= Exercise description =
Only lines containing the word "units" belong in the answer; copy each one from the records.

──────── Data to process ────────

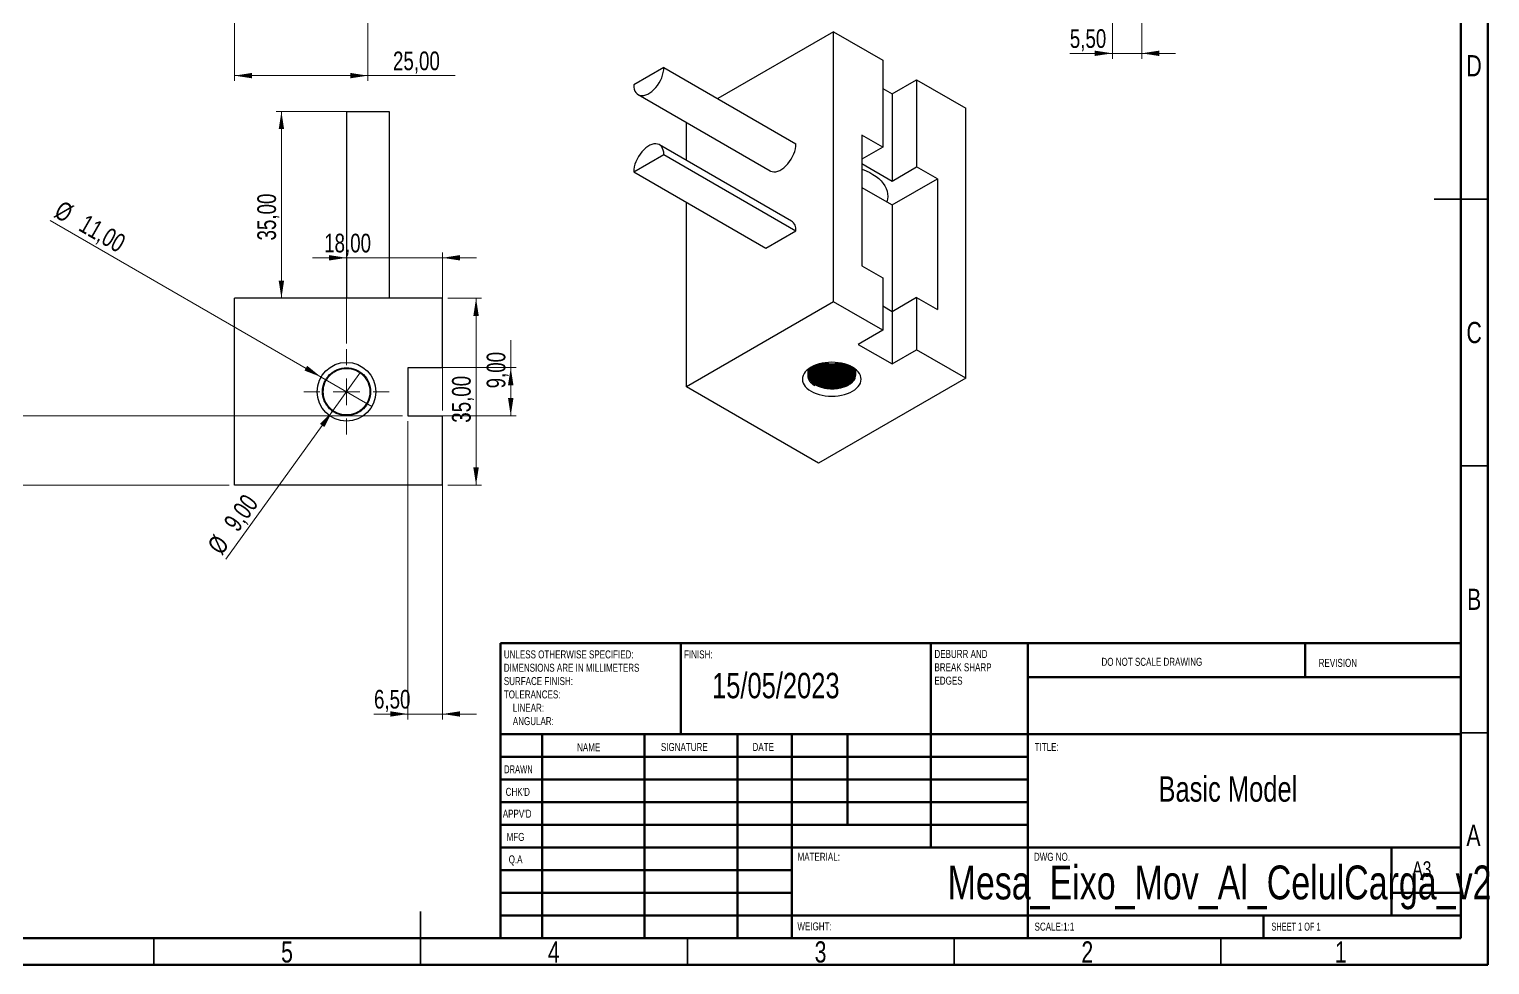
# Model space of a CAD drawing. Header units: millimetres. Extents: x 0 to 415, y 0 to 292.
# Drawn here: x 141.6 to 415.4, y 5 to 180.3 of the extents above; entities that cross this region are included whole.
import ezdxf

# ---------------------------------------------------------------- set-up
doc = ezdxf.new("R2010")
doc.units = ezdxf.units.MM
doc.styles.add('SLDTEXTSTYLE0', font='TXT', dxfattribs={"width": 0.75})
doc.styles.add('SLDTEXTSTYLE1', font='TXT', dxfattribs={"width": 0.686449})
doc.styles.add('SLDTEXTSTYLE2', font='TXT', dxfattribs={"width": 0.6875})
doc.dimstyles.new('SLDDIMSTYLE0', dxfattribs={"dimtxt": 3.5, "dimasz": 3.302, "dimexe": 0, "dimexo": 0.0625, "dimgap": 0.875, "dimtad": 1, "dimrnd": 1e-09, "dimzin": 12, "dimdsep": 46, "dimtxsty": 'SLDTEXTSTYLE0', "dimsah": 1, "dimcen": 0.09, "dimadec": 0, "dimazin": 3, "dimtfac": 1, "dimtofl": 0, "dimtmove": 0, "dimatfit": 3, "dimfxl": 0, "dimfrac": 2, "dimtolj": 1, "dimtzin": 12, "dimarcsym": 0})
doc.dimstyles.new('SLDDIMSTYLE1', dxfattribs={"dimtxt": 3.5, "dimasz": 3.302, "dimexe": 0, "dimexo": 0.0625, "dimgap": 0.875, "dimtad": 1, "dimrnd": 1e-09, "dimzin": 12, "dimdsep": 46, "dimtxsty": 'SLDTEXTSTYLE0', "dimsah": 1, "dimcen": 0.09, "dimadec": 0, "dimazin": 3, "dimtfac": 1, "dimtmove": 0, "dimatfit": 0, "dimfxl": 0, "dimfrac": 2, "dimtolj": 1, "dimtzin": 12, "dimarcsym": 0})
doc.dimstyles.new('SLDDIMSTYLE3', dxfattribs={"dimtxt": 3.5, "dimasz": 3.302, "dimexe": 0, "dimexo": 0.0625, "dimgap": 0.875, "dimtad": 1, "dimrnd": 1e-09, "dimzin": 12, "dimdsep": 46, "dimtxsty": 'SLDTEXTSTYLE0', "dimblk1": 'NONE', "dimsah": 1, "dimcen": 0, "dimadec": 0, "dimazin": 3, "dimtfac": 1, "dimtmove": 0, "dimatfit": 3, "dimldrblk": 'NONE', "dimfxl": 0, "dimfrac": 2, "dimtolj": 1, "dimtzin": 12, "dimarcsym": 0})
doc.dimstyles.new('SLDDIMSTYLE4', dxfattribs={"dimtxt": 3.5, "dimasz": 3.302, "dimexe": 0, "dimexo": 0.0625, "dimgap": 0.875, "dimtad": 1, "dimrnd": 1e-09, "dimzin": 12, "dimdsep": 46, "dimtxsty": 'SLDTEXTSTYLE0', "dimblk1": 'NONE', "dimsah": 1, "dimcen": 0, "dimadec": 0, "dimazin": 3, "dimtfac": 1, "dimtmove": 0, "dimatfit": 3, "dimldrblk": 'NONE', "dimfxl": 0, "dimfrac": 2, "dimtolj": 1, "dimtzin": 12, "dimarcsym": 0})

# ---------------------------------------------------------------- blocks, each defined once
blk = doc.blocks.new('_D_4')
at = {"color": 7, "linetype": 'Continuous', "lineweight": 0}
for p, q in [((205.11, 214.92), (205.11, 170.64)), ((180.11, 193.6), (180.11, 170.64)), ((205.11, 171.64), (180.11, 171.64)), ((205.11, 171.64), (221.46, 171.64))]:
    blk.add_line(p, q, dxfattribs=at)
at = {"color": 7, "linetype": 'Continuous', "lineweight": 18}
for points in [[(180.11, 171.64), (183.41, 171.14), (183.41, 172.15)], [(205.11, 171.64), (201.81, 172.15), (201.81, 171.14)]]:
    blk.add_solid(points, dxfattribs=at)
at = {"color": 7, "linetype": 'Continuous', "lineweight": 18, "insert": (209.82, 176.16), "char_height": 3.5, "attachment_point": 1, "style": 'SLDTEXTSTYLE0'}
blk.add_mtext('25,00', dxfattribs=at)
blk = doc.blocks.new('_D_13')
at = {"color": 7, "linetype": 'Continuous', "lineweight": 0}
for p, q in [((344.65, 235.6), (344.65, 174.82)), ((350.15, 235.6), (350.15, 174.82)), ((344.65, 175.82), (336.68, 175.82)), ((344.65, 175.82), (350.15, 175.82)), ((350.15, 175.82), (356.5, 175.82))]:
    blk.add_line(p, q, dxfattribs=at)
at = {"color": 7, "linetype": 'Continuous', "lineweight": 18}
for points in [[(344.65, 175.82), (341.34, 176.33), (341.34, 175.32)], [(350.15, 175.82), (353.45, 175.32), (353.45, 176.33)]]:
    blk.add_solid(points, dxfattribs=at)
at = {"color": 7, "linetype": 'Continuous', "lineweight": 18, "insert": (336.68, 180.34), "char_height": 3.5, "attachment_point": 1, "style": 'SLDTEXTSTYLE0'}
blk.add_mtext('5,50', dxfattribs=at)
blk = doc.blocks.new('_D_17')
at = {"color": 7, "linetype": 'Continuous', "lineweight": 0}
for p, q in [((220.11, 129.91), (226.39, 129.91)), ((225.39, 94.91), (225.39, 129.91)), ((220.11, 94.91), (226.39, 94.91))]:
    blk.add_line(p, q, dxfattribs=at)
at = {"color": 7, "linetype": 'Continuous', "lineweight": 18}
for points in [[(225.39, 129.91), (224.88, 126.61), (225.9, 126.61)], [(225.39, 94.91), (225.9, 98.21), (224.88, 98.21)]]:
    blk.add_solid(points, dxfattribs=at)
at = {"color": 7, "linetype": 'Continuous', "lineweight": 18, "insert": (220.88, 106.59), "char_height": 3.5, "attachment_point": 1, "rotation": 90, "style": 'SLDTEXTSTYLE0'}
blk.add_mtext('35,00', dxfattribs=at)
blk = doc.blocks.new('_D_18')
at = {"color": 7, "linetype": 'Continuous', "lineweight": 0}
for p, q in [((231.89, 116.91), (231.89, 122.08)), ((213.61, 116.91), (232.89, 116.91)), ((231.89, 107.91), (231.89, 116.91)), ((213.61, 107.91), (232.89, 107.91))]:
    blk.add_line(p, q, dxfattribs=at)
at = {"color": 7, "linetype": 'Continuous', "lineweight": 18}
for points in [[(231.89, 116.91), (231.38, 113.61), (232.4, 113.61)], [(231.89, 107.91), (232.4, 111.21), (231.38, 111.21)]]:
    blk.add_solid(points, dxfattribs=at)
at = {"color": 7, "linetype": 'Continuous', "lineweight": 18, "insert": (227.38, 113.03), "char_height": 3.5, "attachment_point": 1, "rotation": 90, "style": 'SLDTEXTSTYLE0'}
blk.add_mtext('9,00', dxfattribs=at)
blk = doc.blocks.new('_D_19')
at = {"color": 7, "linetype": 'Continuous', "lineweight": 0}
for p, q in [((212.61, 106.91), (212.61, 51)), ((219.11, 106.91), (219.11, 51)), ((212.61, 52), (206.26, 52)), ((219.11, 52), (212.61, 52)), ((219.11, 52), (225.46, 52))]:
    blk.add_line(p, q, dxfattribs=at)
at = {"color": 7, "linetype": 'Continuous', "lineweight": 18}
for points in [[(212.61, 52), (209.31, 52.51), (209.31, 51.5)], [(219.11, 52), (222.41, 51.5), (222.41, 52.51)]]:
    blk.add_solid(points, dxfattribs=at)
at = {"color": 7, "linetype": 'Continuous', "lineweight": 18, "insert": (206.26, 56.52), "char_height": 3.5, "attachment_point": 1, "style": 'SLDTEXTSTYLE0'}
blk.add_mtext('6,50', dxfattribs=at)
blk = doc.blocks.new('_D_20')
at = {"color": 7, "linetype": 'Continuous', "lineweight": 0}
for p, q in [((139.32, 107.91), (139.32, 114.26)), ((211.61, 107.91), (138.32, 107.91)), ((139.32, 107.91), (139.32, 94.91)), ((179.11, 94.91), (138.32, 94.91)), ((139.32, 94.91), (139.32, 88.56))]:
    blk.add_line(p, q, dxfattribs=at)
at = {"color": 7, "linetype": 'Continuous', "lineweight": 18}
for points in [[(139.32, 107.91), (139.83, 111.21), (138.81, 111.21)], [(139.32, 94.91), (138.81, 91.61), (139.83, 91.61)]]:
    blk.add_solid(points, dxfattribs=at)
at = {"color": 7, "linetype": 'Continuous', "lineweight": 18, "insert": (134.81, 92.12), "char_height": 3.5, "attachment_point": 1, "rotation": 90, "style": 'SLDTEXTSTYLE0'}
blk.add_mtext('13,00', dxfattribs=at)
blk = doc.blocks.new('_D_21')
at = {"color": 7, "linetype": 'Continuous', "lineweight": 0}
for p, q in [((208.11, 164.91), (187.91, 164.91)), ((188.91, 129.91), (188.91, 164.91)), ((208.11, 129.91), (187.91, 129.91))]:
    blk.add_line(p, q, dxfattribs=at)
at = {"color": 7, "linetype": 'Continuous', "lineweight": 18}
for points in [[(188.91, 164.91), (188.4, 161.61), (189.41, 161.61)], [(188.91, 129.91), (189.41, 133.21), (188.4, 133.21)]]:
    blk.add_solid(points, dxfattribs=at)
at = {"color": 7, "linetype": 'Continuous', "lineweight": 18, "insert": (184.39, 140.75), "char_height": 3.5, "attachment_point": 1, "rotation": 90, "style": 'SLDTEXTSTYLE0'}
blk.add_mtext('35,00', dxfattribs=at)
blk = doc.blocks.new('_D_22')
at = {"color": 7, "linetype": 'Continuous', "lineweight": 0}
for p, q in [((201.11, 137.5), (194.76, 137.5)), ((201.11, 121.41), (201.11, 138.5)), ((201.11, 137.5), (219.11, 137.5)), ((219.11, 108.91), (219.11, 138.5)), ((219.11, 137.5), (225.46, 137.5))]:
    blk.add_line(p, q, dxfattribs=at)
at = {"color": 7, "linetype": 'Continuous', "lineweight": 18}
for points in [[(201.11, 137.5), (197.81, 138.01), (197.81, 136.99)], [(219.11, 137.5), (222.41, 136.99), (222.41, 138.01)]]:
    blk.add_solid(points, dxfattribs=at)
at = {"color": 7, "linetype": 'Continuous', "lineweight": 18, "insert": (196.92, 142.01), "char_height": 3.5, "attachment_point": 1, "style": 'SLDTEXTSTYLE0'}
blk.add_mtext('18,00', dxfattribs=at)
blk = doc.blocks.new('_D_23')
at = {"color": 7, "linetype": 'Continuous', "lineweight": 0}
for q in [(203.74, 116.06), (178.49, 81.03)]:
    blk.add_line((198.48, 108.76), q, dxfattribs=at)
at = {"color": 7, "linetype": 'Continuous', "lineweight": 18}
blk.add_solid([(198.48, 108.76), (196.14, 106.38), (196.96, 105.78)], dxfattribs=at)
at = {"color": 7, "linetype": 'Continuous', "lineweight": 18, "char_height": 3.5, "attachment_point": 1, "rotation": 54.2163, "style": 'SLDTEXTSTYLE0'}
for s, insert in [('9,00', (177.89, 87.97)), ('%%c', (174.84, 83.66))]:
    blk.add_mtext(s, dxfattribs=dict(at, insert=insert))
blk = doc.blocks.new('_None')
blk = doc.blocks.new('_D_24')
at = {"color": 7, "linetype": 'Continuous', "lineweight": 0}
for q in [(145.58, 144.47), (205.87, 109.66)]:
    blk.add_line((196.35, 115.16), q, dxfattribs=at)
at = {"color": 7, "linetype": 'Continuous', "lineweight": 18}
blk.add_solid([(196.35, 115.16), (193.74, 117.25), (193.23, 116.37)], dxfattribs=at)
at = {"color": 7, "linetype": 'Continuous', "lineweight": 18, "char_height": 3.5, "attachment_point": 1, "rotation": 330, "style": 'SLDTEXTSTYLE0'}
for s, insert in [('%%c', (147.83, 148.37)), ('11,00', (152.43, 145.78))]:
    blk.add_mtext(s, dxfattribs=dict(at, insert=insert))
blk = doc.blocks.new('SW_CENTERMARKSYMBOL_0')
at = {"color": 0, "linetype": 'Continuous', "lineweight": 18}
for p, q in [((0, 5), (0, 8)), ((-5, 0), (-8, 0)), ((0, 0), (-2.5, 0)), ((0, 0), (0, 2.5)), ((0, 0), (0, -2.5)), ((0, 0), (2.5, 0)), ((5, 0), (8, 0)), ((0, -5), (0, -8))]:
    blk.add_line(p, q, dxfattribs=at)

msp = doc.modelspace()

# ---------------------------------------------------------------- linework, layer by layer
at = {"color": 7, "linetype": 'Continuous', "lineweight": 70}
for p, q in [((415, 292), (415, 5)), ((410, 287), (410, 10)), ((410, 10), (20, 10)), ((415, 5), (15, 5))]:
    msp.add_line(p, q, dxfattribs=at)
at = {"color": 7, "linetype": 'Continuous', "lineweight": 25}
for p, q in [((292.415, 179.859), (270.718, 167.334)), ((292.415, 129.233), (292.415, 179.859)), ((292.415, 179.859), (301.607, 174.552)), ((260.595, 173.178), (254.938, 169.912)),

────────

= Output for this exercise =
# Model space of a CAD drawing. Header units: millimetres. Extents: x 0 to 415, y 0 to 292.
doc.units = ezdxf.units.MM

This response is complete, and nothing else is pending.